[Stored dataset items]
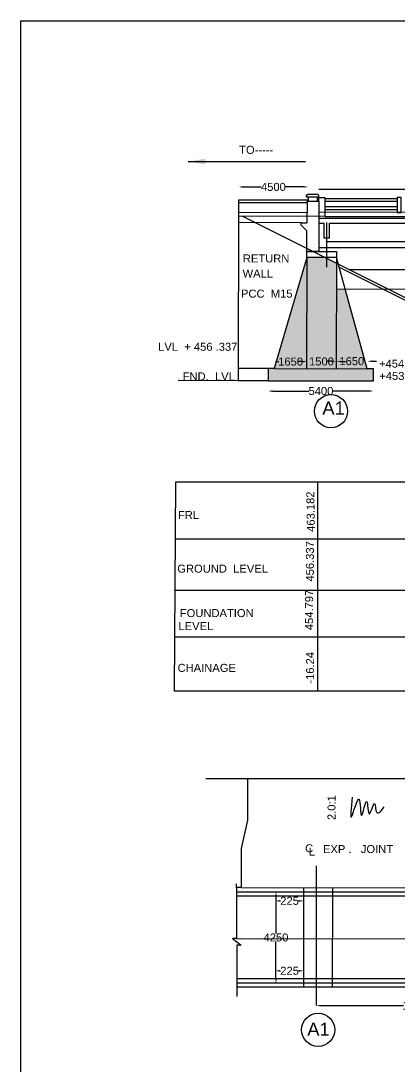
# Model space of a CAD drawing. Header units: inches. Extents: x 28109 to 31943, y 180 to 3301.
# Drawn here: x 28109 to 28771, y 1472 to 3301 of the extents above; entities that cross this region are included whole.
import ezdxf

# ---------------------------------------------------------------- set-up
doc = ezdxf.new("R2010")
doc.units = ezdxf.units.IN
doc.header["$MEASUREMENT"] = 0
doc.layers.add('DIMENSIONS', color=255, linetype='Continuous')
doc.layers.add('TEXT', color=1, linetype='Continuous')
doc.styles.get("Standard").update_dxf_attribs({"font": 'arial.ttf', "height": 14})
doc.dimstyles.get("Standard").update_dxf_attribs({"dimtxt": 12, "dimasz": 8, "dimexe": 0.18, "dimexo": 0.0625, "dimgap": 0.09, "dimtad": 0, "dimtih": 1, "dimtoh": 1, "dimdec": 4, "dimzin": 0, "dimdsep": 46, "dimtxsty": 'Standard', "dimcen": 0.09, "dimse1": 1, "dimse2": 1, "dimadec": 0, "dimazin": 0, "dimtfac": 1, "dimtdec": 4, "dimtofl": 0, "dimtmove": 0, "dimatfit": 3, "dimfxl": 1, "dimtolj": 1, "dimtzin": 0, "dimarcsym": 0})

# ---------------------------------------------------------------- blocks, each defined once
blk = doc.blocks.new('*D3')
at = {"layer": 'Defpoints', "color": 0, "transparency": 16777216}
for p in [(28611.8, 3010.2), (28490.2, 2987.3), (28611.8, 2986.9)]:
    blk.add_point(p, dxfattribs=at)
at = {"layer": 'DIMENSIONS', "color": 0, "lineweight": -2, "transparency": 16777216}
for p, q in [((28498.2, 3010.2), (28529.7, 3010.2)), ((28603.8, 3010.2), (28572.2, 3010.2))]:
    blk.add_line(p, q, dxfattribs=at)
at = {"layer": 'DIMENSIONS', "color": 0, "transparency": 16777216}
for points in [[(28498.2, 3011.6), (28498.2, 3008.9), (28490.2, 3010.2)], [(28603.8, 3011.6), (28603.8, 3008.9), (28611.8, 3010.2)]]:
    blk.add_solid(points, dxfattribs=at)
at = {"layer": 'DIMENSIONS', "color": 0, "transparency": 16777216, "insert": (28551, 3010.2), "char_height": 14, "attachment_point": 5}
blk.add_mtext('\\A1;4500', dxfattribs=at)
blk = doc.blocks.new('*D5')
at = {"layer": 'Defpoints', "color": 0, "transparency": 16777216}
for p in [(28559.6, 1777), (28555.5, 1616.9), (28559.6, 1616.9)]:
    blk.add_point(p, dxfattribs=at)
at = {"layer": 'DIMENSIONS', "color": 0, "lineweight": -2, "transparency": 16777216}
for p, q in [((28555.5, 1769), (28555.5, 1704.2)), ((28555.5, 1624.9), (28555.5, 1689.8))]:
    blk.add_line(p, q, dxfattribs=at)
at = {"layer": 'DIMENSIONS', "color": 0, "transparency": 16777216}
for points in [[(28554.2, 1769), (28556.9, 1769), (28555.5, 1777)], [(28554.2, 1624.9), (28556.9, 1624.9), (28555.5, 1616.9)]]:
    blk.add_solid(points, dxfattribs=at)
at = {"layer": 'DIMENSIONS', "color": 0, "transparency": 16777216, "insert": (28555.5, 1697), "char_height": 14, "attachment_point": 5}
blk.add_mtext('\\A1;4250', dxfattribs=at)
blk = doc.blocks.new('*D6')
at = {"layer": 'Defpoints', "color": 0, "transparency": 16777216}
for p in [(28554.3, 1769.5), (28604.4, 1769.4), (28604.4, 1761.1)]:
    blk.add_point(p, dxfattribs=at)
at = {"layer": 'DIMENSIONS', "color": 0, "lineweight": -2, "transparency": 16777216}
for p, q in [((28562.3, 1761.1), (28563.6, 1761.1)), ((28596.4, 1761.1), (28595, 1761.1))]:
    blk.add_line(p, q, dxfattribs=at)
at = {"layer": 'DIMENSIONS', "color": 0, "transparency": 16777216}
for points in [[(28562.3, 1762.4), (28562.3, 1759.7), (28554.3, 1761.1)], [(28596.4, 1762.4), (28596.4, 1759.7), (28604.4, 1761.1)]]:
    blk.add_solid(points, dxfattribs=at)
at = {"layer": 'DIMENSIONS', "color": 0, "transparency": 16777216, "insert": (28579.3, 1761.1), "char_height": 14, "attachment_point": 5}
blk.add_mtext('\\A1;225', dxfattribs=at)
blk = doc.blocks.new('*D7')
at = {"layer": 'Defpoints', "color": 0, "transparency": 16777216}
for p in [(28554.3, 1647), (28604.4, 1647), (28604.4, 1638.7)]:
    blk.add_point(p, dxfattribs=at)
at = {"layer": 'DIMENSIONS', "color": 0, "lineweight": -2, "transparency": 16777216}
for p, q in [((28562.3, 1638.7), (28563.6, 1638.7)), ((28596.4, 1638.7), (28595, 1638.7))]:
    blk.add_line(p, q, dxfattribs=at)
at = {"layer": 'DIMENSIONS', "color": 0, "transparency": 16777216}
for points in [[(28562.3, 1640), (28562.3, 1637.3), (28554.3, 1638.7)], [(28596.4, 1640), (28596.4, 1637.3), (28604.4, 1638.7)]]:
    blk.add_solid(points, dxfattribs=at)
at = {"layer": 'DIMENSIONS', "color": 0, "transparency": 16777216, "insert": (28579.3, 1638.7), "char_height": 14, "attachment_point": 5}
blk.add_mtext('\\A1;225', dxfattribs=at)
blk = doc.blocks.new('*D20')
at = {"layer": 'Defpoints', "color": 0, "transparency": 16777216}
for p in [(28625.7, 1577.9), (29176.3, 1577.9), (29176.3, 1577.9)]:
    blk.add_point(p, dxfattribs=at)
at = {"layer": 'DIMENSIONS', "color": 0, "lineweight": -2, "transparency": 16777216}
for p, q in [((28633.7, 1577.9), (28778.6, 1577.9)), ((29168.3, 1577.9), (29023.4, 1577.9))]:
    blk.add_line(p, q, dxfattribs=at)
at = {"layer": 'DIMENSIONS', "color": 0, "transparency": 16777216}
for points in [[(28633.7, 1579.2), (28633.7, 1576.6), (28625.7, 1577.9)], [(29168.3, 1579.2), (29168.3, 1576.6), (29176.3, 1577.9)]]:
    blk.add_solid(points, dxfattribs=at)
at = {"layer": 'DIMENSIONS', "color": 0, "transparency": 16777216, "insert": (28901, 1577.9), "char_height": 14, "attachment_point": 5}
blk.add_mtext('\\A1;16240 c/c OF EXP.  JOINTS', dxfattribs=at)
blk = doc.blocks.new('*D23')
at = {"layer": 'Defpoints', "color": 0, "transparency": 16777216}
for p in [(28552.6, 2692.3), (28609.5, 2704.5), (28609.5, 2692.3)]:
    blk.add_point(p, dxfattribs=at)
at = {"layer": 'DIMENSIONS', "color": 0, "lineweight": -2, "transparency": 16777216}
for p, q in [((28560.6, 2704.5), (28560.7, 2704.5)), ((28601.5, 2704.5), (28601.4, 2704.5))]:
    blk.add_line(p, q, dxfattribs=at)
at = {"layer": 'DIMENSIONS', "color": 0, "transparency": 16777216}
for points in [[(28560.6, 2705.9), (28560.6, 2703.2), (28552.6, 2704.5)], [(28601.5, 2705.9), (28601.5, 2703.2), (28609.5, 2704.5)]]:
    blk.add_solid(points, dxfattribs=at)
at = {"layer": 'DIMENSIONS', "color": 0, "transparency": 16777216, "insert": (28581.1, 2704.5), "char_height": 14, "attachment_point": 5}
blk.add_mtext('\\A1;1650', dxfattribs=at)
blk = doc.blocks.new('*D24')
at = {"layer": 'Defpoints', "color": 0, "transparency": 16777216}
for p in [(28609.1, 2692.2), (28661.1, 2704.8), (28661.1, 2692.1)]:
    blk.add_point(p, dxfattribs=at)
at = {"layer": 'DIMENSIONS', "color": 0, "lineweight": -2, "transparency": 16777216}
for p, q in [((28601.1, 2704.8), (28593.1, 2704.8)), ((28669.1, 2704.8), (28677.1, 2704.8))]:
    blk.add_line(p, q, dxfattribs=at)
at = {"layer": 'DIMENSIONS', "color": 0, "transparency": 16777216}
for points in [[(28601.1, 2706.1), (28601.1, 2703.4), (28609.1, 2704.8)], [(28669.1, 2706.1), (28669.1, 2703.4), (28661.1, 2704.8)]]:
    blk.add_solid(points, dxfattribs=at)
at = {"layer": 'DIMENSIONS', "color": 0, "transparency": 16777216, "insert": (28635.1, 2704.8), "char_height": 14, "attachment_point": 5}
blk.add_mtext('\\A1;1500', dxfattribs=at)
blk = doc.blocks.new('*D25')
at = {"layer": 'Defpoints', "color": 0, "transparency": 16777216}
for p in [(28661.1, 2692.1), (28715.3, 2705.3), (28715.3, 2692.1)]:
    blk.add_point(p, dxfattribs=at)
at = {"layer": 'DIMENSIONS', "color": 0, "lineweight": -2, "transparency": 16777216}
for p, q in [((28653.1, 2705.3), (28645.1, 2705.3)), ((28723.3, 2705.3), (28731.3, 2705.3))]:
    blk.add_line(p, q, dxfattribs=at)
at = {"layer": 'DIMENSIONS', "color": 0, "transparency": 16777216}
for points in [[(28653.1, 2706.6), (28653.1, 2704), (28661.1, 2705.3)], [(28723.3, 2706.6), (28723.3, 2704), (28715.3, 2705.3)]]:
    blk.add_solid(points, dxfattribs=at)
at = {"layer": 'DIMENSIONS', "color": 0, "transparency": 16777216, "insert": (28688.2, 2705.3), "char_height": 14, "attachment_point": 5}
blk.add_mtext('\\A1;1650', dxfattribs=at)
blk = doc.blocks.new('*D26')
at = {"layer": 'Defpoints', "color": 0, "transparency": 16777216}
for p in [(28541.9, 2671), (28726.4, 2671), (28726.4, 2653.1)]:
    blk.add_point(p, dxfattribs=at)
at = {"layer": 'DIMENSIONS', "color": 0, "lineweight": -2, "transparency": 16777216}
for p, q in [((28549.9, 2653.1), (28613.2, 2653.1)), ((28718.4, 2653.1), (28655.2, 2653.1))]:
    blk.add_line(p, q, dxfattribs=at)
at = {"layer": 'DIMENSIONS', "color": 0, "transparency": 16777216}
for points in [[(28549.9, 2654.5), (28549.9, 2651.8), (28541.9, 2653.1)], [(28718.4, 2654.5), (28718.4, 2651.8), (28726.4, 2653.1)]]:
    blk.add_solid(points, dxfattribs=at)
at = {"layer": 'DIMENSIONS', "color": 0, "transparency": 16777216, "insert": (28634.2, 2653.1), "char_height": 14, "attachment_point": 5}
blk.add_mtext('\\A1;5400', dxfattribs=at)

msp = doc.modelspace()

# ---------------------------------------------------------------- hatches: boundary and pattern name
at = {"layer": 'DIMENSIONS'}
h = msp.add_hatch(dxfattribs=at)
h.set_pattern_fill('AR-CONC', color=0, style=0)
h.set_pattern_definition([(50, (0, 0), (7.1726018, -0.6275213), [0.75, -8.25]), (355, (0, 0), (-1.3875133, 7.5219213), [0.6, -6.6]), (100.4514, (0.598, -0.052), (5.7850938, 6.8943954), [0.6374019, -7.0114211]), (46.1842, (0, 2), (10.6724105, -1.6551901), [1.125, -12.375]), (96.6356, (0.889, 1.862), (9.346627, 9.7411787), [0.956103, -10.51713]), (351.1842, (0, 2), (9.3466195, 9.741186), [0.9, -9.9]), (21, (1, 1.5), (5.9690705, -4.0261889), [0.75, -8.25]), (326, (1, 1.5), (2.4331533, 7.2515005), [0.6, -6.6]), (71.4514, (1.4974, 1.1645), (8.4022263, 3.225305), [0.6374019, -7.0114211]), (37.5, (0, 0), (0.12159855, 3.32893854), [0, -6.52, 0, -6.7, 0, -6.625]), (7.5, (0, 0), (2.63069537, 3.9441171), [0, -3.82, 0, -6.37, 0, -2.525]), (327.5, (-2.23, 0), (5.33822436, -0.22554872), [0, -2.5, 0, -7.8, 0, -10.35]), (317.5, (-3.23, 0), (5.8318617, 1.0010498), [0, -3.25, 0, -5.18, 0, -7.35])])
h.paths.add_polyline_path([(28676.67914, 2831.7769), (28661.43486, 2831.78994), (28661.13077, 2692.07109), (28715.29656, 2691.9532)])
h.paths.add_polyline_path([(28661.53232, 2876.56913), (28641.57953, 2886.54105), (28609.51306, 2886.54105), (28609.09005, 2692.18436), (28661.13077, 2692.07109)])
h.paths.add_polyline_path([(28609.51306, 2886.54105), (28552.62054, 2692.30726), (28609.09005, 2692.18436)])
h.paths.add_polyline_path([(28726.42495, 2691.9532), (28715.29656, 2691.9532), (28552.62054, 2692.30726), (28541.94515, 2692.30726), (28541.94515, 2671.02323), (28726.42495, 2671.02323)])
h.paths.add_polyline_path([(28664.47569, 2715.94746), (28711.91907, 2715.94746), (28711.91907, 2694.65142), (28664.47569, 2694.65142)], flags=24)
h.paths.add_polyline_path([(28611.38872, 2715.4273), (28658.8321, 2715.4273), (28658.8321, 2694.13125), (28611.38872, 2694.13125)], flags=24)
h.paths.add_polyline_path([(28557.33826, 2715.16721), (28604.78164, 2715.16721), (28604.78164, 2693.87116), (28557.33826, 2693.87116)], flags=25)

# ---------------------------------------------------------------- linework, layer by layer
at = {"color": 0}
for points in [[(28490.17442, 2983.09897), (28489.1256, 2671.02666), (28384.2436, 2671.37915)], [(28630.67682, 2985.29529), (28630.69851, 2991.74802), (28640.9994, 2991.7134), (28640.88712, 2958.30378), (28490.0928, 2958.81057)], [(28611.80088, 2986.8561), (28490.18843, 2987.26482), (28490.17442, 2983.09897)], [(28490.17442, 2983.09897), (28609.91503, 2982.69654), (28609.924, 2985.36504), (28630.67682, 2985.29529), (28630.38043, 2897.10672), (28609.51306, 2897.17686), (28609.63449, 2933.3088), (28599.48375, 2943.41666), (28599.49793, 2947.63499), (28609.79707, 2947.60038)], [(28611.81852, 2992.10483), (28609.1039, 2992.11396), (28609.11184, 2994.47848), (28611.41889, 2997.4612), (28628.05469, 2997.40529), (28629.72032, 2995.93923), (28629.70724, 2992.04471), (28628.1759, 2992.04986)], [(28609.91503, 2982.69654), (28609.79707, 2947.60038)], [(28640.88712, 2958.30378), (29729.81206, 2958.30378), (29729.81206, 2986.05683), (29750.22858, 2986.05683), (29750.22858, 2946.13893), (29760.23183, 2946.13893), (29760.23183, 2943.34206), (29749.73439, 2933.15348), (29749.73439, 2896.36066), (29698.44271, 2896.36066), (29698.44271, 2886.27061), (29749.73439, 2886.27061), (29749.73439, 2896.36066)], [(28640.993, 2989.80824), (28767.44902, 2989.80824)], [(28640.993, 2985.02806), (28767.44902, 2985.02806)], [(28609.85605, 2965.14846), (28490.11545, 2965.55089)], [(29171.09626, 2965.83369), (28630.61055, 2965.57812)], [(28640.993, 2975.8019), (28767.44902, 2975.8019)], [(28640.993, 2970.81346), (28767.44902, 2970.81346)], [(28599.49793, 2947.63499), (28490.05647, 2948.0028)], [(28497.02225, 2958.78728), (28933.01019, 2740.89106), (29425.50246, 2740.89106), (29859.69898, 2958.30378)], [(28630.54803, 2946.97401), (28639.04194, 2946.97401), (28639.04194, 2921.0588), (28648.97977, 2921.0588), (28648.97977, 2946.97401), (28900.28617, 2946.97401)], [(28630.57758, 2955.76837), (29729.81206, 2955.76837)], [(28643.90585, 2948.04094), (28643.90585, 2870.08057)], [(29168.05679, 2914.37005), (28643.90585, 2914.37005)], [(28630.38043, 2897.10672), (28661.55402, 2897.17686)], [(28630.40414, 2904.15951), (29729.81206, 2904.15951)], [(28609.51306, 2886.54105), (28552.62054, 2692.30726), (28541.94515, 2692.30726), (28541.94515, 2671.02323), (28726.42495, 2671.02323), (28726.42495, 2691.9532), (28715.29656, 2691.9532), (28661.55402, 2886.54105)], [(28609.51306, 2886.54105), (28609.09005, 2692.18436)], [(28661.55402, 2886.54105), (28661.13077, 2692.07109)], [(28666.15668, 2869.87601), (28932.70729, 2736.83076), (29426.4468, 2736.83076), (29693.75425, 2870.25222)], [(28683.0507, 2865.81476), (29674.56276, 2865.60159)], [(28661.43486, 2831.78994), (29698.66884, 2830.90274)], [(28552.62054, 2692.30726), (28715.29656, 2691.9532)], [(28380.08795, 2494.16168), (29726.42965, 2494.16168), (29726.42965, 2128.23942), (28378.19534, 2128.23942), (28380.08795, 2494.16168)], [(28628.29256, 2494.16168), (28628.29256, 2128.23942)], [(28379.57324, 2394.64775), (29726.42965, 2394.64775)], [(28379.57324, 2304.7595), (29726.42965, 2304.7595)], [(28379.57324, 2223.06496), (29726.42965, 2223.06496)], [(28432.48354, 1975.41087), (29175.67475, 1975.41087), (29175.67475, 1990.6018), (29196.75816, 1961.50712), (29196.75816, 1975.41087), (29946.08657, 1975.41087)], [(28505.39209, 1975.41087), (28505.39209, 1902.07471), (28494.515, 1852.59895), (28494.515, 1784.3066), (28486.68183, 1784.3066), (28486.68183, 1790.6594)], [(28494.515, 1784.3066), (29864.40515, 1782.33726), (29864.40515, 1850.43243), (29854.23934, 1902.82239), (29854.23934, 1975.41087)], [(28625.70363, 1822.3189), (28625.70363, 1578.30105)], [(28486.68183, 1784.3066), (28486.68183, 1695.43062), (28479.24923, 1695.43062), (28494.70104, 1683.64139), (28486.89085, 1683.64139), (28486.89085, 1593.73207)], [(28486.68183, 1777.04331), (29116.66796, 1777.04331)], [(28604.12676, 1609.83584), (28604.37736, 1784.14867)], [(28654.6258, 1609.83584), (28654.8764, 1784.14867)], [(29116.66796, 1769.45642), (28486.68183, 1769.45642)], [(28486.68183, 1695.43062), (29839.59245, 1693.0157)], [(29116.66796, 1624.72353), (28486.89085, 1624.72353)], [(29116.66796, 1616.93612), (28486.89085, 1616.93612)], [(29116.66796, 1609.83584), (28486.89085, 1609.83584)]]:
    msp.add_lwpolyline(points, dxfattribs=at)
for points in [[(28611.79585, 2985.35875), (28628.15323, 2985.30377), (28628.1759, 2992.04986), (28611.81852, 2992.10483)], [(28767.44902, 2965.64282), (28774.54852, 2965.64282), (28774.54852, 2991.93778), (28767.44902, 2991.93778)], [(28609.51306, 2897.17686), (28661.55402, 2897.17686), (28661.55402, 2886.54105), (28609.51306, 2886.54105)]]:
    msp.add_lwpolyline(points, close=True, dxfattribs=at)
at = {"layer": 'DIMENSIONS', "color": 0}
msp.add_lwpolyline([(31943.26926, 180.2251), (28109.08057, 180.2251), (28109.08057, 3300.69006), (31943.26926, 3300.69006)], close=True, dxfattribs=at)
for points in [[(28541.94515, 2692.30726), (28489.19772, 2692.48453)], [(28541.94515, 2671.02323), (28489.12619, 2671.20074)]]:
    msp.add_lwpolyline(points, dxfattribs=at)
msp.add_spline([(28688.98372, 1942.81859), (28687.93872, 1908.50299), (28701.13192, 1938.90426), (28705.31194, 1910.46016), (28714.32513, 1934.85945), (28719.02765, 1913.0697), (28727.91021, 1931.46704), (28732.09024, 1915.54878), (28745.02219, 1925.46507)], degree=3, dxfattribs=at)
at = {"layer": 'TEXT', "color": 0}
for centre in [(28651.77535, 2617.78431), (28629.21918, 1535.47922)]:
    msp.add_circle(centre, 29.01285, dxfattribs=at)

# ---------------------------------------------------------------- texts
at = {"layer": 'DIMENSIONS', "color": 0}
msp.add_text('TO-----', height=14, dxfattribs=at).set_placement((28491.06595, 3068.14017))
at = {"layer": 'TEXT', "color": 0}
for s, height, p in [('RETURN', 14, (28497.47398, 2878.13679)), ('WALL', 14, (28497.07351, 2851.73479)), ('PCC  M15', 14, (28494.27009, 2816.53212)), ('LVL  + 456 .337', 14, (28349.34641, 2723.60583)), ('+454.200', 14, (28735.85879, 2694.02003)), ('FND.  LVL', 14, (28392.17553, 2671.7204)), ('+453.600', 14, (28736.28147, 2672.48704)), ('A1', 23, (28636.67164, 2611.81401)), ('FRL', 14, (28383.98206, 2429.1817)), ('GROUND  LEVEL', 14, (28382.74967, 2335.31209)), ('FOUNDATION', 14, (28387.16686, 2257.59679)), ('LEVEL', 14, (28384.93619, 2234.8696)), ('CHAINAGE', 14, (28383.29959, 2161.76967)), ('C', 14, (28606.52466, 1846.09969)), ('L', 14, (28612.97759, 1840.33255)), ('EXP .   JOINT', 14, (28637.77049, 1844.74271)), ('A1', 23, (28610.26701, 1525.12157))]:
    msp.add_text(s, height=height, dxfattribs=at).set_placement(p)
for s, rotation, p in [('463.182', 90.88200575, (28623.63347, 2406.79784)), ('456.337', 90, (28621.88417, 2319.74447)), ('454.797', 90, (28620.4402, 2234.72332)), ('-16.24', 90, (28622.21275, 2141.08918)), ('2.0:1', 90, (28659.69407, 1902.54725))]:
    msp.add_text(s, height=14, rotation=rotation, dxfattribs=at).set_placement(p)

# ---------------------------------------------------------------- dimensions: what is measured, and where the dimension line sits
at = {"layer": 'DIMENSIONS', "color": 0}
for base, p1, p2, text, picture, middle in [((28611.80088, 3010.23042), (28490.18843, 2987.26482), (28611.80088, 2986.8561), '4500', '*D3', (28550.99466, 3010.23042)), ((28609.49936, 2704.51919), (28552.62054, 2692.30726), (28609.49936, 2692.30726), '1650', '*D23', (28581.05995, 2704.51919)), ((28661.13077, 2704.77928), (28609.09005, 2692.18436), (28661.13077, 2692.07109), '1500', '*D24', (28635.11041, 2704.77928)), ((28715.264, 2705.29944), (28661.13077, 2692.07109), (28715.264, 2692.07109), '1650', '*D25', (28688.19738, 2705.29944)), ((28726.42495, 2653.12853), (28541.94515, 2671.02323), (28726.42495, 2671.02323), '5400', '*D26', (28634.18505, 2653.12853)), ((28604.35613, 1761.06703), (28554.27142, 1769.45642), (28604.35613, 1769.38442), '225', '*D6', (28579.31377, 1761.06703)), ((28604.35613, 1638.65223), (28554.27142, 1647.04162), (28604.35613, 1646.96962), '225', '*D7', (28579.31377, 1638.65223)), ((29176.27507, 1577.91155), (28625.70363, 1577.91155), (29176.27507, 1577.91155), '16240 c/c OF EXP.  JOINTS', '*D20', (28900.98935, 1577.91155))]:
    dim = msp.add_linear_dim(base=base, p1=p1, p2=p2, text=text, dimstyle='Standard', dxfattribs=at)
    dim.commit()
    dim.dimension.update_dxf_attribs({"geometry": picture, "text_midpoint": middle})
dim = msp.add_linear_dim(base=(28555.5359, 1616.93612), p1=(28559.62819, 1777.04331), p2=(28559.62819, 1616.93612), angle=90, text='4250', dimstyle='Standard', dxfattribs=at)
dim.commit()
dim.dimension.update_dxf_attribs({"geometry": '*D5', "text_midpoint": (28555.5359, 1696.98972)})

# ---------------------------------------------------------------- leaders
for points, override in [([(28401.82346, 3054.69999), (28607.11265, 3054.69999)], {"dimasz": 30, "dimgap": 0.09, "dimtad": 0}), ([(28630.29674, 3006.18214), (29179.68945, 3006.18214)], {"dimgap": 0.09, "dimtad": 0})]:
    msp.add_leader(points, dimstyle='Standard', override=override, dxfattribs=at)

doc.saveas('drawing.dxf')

▶ **EXERCISE PROMPT**
Scan the records above for the word "JOINTS" and return every line where it occurs.

▶ **RESPONSE TO THIS TASK**
blk.add_mtext('\\A1;16240 c/c OF EXP.  JOINTS', dxfattribs=at)
for base, p1, p2, text, picture, middle in [((28611.80088, 3010.23042), (28490.18843, 2987.26482), (28611.80088, 2986.8561), '4500', '*D3', (28550.99466, 3010.23042)), ((28609.49936, 2704.51919), (28552.62054, 2692.30726), (28609.49936, 2692.30726), '1650', '*D23', (28581.05995, 2704.51919)), ((28661.13077, 2704.77928), (28609.09005, 2692.18436), (28661.13077, 2692.07109), '1500', '*D24', (28635.11041, 2704.77928)), ((28715.264, 2705.29944), (28661.13077, 2692.07109), (28715.264, 2692.07109), '1650', '*D25', (28688.19738, 2705.29944)), ((28726.42495, 2653.12853), (28541.94515, 2671.02323), (28726.42495, 2671.02323), '5400', '*D26', (28634.18505, 2653.12853)), ((28604.35613, 1761.06703), (28554.27142, 1769.45642), (28604.35613, 1769.38442), '225', '*D6', (28579.31377, 1761.06703)), ((28604.35613, 1638.65223), (28554.27142, 1647.04162), (28604.35613, 1646.96962), '225', '*D7', (28579.31377, 1638.65223)), ((29176.27507, 1577.91155), (28625.70363, 1577.91155), (29176.27507, 1577.91155), '16240 c/c OF EXP.  JOINTS', '*D20', (28900.98935, 1577.91155))]:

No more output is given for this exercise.